– Et ta soeur, elle en est où, elle fait quoi ?
– Oh ma soeur, elle prend de la hauteur.
Sa soeur elle est partie rejoindre une communauté qui occupe une forêt menacée. Enfin, c’est ce qu’elle imagine, elle pense avoir reconnu ses yeux sur une photo d’article de journal. Des yeux clairs, profonds, un regard inimitable malgré la cagoule qui recouvre le reste du visage. Elles en sont persuadées sa mère et elle, elle est là-bas.
Une narratrice nous parle de sa sœur, partie vraisemblablement tenir le siège dans une forêt menacée tout un hiver, en ne laissant aucune traces. Aperçue sur une illustration d’article, mère et fille se raccrochent à cet espoir, et tentent d’y voir celle qui manque. Entre une mère qui rumine en permanence sur les choix de vie de ses filles et un père hyponcodriaque et égocentrique, s’élève cette voix qui tente de parler à l’absente, d’imaginer sa vie loin de tout dans le froid glacial et l’inconfort, mais aussi les rencontres et les moments de grâce qu’elle peut y vivre.
Çe roman parle si habilement de nos peurs, de nos envies, des choix que l’on fait dans la vie, de la pression sociale, mais aussi du pouvoir réparateur des arbres et de la nature. On réfléchit sur l’idée de marge, et sur nos modes de vie : ne serait-ce pas notre fonctionnement sociétal actuel le vrai problème, et la confirmité sociale qui crée un mode de vie totalement inadapté à notre planète ?
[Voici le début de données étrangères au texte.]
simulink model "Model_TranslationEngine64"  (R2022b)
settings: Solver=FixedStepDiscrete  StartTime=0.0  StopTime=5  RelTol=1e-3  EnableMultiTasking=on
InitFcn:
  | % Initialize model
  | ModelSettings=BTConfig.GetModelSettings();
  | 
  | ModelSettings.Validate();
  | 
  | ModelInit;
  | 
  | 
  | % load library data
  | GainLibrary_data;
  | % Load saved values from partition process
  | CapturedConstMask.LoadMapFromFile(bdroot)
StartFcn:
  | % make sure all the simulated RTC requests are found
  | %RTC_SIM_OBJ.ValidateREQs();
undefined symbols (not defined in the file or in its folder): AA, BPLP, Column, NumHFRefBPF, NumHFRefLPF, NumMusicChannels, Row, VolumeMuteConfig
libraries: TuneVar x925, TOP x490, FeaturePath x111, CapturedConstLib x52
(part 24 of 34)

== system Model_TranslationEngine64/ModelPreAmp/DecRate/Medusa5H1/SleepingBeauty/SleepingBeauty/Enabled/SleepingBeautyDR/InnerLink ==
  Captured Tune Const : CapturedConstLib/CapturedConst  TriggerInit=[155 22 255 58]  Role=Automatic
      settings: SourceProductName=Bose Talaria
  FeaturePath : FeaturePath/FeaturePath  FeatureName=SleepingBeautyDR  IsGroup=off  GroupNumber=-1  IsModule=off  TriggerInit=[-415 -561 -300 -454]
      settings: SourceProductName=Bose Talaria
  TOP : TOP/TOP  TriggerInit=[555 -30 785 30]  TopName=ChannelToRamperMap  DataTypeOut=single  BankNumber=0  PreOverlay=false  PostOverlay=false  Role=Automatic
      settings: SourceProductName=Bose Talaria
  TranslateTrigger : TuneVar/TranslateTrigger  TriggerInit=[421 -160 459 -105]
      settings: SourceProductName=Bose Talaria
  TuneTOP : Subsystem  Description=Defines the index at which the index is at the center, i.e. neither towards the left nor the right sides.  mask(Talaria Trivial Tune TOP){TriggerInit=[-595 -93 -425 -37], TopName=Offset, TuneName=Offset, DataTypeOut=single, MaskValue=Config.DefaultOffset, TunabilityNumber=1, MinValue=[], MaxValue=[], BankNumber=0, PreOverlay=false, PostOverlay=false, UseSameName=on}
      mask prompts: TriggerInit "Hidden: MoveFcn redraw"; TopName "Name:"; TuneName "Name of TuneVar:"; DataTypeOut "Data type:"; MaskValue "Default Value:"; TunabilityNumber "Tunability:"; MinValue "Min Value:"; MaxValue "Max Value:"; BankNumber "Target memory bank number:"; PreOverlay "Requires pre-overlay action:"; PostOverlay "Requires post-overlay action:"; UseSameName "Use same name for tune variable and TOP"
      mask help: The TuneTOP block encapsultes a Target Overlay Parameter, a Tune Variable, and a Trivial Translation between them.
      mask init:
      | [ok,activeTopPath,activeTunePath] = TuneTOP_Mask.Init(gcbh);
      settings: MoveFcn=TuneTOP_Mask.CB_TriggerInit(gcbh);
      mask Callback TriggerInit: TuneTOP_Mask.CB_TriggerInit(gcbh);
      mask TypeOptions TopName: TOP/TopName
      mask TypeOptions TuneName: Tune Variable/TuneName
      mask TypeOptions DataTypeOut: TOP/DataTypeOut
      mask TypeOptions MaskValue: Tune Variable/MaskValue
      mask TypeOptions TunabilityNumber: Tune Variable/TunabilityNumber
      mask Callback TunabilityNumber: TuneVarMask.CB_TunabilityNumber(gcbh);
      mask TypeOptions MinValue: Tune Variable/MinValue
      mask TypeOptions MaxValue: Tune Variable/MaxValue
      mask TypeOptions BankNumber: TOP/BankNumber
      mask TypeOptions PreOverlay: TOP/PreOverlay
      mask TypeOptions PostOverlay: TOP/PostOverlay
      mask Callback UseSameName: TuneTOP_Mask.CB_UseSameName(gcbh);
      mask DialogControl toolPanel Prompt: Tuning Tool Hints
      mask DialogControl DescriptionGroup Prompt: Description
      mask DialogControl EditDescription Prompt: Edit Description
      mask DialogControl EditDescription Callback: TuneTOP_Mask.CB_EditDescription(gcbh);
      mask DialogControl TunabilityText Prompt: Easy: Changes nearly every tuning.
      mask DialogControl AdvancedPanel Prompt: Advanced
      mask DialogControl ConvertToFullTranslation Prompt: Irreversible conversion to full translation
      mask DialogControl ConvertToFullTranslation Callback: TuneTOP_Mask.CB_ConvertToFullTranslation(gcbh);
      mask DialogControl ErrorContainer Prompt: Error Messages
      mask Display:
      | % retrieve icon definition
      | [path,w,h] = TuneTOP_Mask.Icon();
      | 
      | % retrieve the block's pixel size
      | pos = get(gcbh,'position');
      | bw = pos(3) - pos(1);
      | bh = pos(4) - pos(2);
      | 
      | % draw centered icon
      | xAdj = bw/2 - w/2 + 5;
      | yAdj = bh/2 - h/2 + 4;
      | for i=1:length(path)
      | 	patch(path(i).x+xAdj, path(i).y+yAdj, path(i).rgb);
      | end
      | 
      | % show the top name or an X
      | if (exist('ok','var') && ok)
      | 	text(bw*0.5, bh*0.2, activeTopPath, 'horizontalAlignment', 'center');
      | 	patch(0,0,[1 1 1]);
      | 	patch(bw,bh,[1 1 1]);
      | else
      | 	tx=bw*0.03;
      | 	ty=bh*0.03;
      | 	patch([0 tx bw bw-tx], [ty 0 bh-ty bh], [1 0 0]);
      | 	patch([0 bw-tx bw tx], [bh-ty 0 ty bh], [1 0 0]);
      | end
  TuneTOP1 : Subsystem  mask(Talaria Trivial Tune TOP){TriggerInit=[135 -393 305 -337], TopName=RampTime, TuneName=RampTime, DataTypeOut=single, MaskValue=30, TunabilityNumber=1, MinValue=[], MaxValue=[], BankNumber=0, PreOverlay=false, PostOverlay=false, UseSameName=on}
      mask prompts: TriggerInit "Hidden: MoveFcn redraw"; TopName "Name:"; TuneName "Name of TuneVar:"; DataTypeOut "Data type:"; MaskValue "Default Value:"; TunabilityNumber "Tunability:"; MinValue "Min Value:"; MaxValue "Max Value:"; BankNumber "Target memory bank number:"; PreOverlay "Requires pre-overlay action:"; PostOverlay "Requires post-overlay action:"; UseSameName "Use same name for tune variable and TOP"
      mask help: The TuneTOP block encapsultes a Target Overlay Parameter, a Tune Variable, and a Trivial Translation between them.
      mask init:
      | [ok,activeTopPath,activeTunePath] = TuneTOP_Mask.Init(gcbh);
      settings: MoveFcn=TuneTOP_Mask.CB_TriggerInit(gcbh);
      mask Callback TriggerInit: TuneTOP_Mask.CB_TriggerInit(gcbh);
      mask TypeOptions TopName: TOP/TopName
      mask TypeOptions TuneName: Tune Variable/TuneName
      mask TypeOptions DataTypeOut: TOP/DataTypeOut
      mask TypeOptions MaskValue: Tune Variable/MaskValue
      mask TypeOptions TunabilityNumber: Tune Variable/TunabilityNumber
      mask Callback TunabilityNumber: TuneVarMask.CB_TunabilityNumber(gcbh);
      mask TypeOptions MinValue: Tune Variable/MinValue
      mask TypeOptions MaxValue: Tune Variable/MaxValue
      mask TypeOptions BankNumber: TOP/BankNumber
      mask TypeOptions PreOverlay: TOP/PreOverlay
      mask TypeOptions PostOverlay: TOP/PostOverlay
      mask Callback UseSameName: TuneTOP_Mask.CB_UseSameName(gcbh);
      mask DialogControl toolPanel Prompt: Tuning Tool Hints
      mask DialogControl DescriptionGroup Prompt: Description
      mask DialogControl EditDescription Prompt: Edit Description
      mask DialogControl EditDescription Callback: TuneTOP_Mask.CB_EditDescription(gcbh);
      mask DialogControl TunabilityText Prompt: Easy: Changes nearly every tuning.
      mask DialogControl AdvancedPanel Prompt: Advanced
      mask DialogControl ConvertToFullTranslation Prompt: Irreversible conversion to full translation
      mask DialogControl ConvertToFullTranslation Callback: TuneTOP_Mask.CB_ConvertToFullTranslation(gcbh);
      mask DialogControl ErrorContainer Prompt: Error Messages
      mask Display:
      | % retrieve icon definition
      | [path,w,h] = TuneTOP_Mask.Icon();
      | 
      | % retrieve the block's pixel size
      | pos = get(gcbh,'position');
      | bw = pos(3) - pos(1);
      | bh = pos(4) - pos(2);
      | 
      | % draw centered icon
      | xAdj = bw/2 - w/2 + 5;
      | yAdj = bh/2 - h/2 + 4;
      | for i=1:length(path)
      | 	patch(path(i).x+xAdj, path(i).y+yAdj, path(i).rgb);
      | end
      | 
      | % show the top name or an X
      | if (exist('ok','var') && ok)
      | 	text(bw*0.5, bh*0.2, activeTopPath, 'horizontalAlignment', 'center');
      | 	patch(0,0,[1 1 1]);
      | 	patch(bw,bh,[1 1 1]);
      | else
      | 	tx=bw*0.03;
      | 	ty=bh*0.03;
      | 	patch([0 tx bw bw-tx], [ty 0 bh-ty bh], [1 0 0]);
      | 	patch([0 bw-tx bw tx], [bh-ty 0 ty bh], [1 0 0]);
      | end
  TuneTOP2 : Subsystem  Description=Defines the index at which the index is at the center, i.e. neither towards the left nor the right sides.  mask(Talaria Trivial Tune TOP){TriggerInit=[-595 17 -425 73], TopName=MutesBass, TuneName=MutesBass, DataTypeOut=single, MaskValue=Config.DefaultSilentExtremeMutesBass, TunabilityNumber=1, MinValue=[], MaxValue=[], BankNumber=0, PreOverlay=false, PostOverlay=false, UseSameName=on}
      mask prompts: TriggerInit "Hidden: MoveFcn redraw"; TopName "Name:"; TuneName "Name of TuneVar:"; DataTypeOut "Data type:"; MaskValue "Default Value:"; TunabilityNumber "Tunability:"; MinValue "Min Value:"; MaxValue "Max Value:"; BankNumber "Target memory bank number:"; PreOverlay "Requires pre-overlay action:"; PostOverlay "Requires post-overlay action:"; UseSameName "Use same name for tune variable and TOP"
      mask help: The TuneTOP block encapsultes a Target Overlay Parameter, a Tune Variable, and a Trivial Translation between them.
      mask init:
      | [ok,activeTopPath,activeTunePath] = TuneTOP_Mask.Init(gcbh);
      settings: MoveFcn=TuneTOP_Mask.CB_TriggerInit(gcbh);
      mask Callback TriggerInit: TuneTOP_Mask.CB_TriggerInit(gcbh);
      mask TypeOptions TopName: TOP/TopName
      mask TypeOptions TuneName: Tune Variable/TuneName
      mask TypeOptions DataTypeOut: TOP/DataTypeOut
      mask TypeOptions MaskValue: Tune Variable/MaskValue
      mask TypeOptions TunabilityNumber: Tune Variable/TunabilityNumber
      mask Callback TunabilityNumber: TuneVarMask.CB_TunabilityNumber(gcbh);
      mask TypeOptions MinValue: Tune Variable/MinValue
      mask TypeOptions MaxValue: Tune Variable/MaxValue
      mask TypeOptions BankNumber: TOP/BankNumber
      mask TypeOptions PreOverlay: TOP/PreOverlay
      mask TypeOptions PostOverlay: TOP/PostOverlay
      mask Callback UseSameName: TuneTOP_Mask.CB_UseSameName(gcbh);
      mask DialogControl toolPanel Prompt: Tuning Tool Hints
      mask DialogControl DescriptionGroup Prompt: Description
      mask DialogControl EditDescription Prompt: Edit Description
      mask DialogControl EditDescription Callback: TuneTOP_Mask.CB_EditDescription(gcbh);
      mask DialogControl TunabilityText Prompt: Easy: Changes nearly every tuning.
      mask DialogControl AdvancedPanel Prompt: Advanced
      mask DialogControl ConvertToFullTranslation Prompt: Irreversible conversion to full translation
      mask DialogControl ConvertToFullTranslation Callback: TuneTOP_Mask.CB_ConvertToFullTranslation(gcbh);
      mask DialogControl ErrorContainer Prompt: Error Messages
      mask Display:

Il parle aussi des luttes, des occupations, des gens qui tentent d’inventer d’autres modèles, et de la possibilité de se choisir une identité, de renaître, malgré le poids familial et sociétal. J’ai tellement aimé la construction de cet ouvrage, la voix de cette narratice qui s’adresse à sa soeur et à nous en même temps, et le fait que chaque nouveau chapitre soit précédé d’une même question : Et ta soeur, elle en est où, elle fait quoi ?, qui n’est pas sans rappeler le besoin de situer les autre et de situer aussi, de se comparer socialement. Que répondre lorsqu’on vit une telle situation ?
Je vous recommande vivement cet ouvrage libre, généreux, malicieux et frais, qui nous guide, nous oriente pour mieux nous perdre, et nous donne envie de tout plaquer pour vivre en forêt. Nous aussi prenons de la hauteur, et faisons un pas de côté !
Et quelle belle découverte que Les éditions du Panseur, jeune maison d’édition dont je suis conquise aussi bien pour ce choix de texte, mais aussi par le soin apporté au livre en tant qu’objet, par son choix de papier, et sa couverture magnifiquement pensée !
Felis Silvestris, Anouk Lejczyk. Les éditions du Panseur, 2022.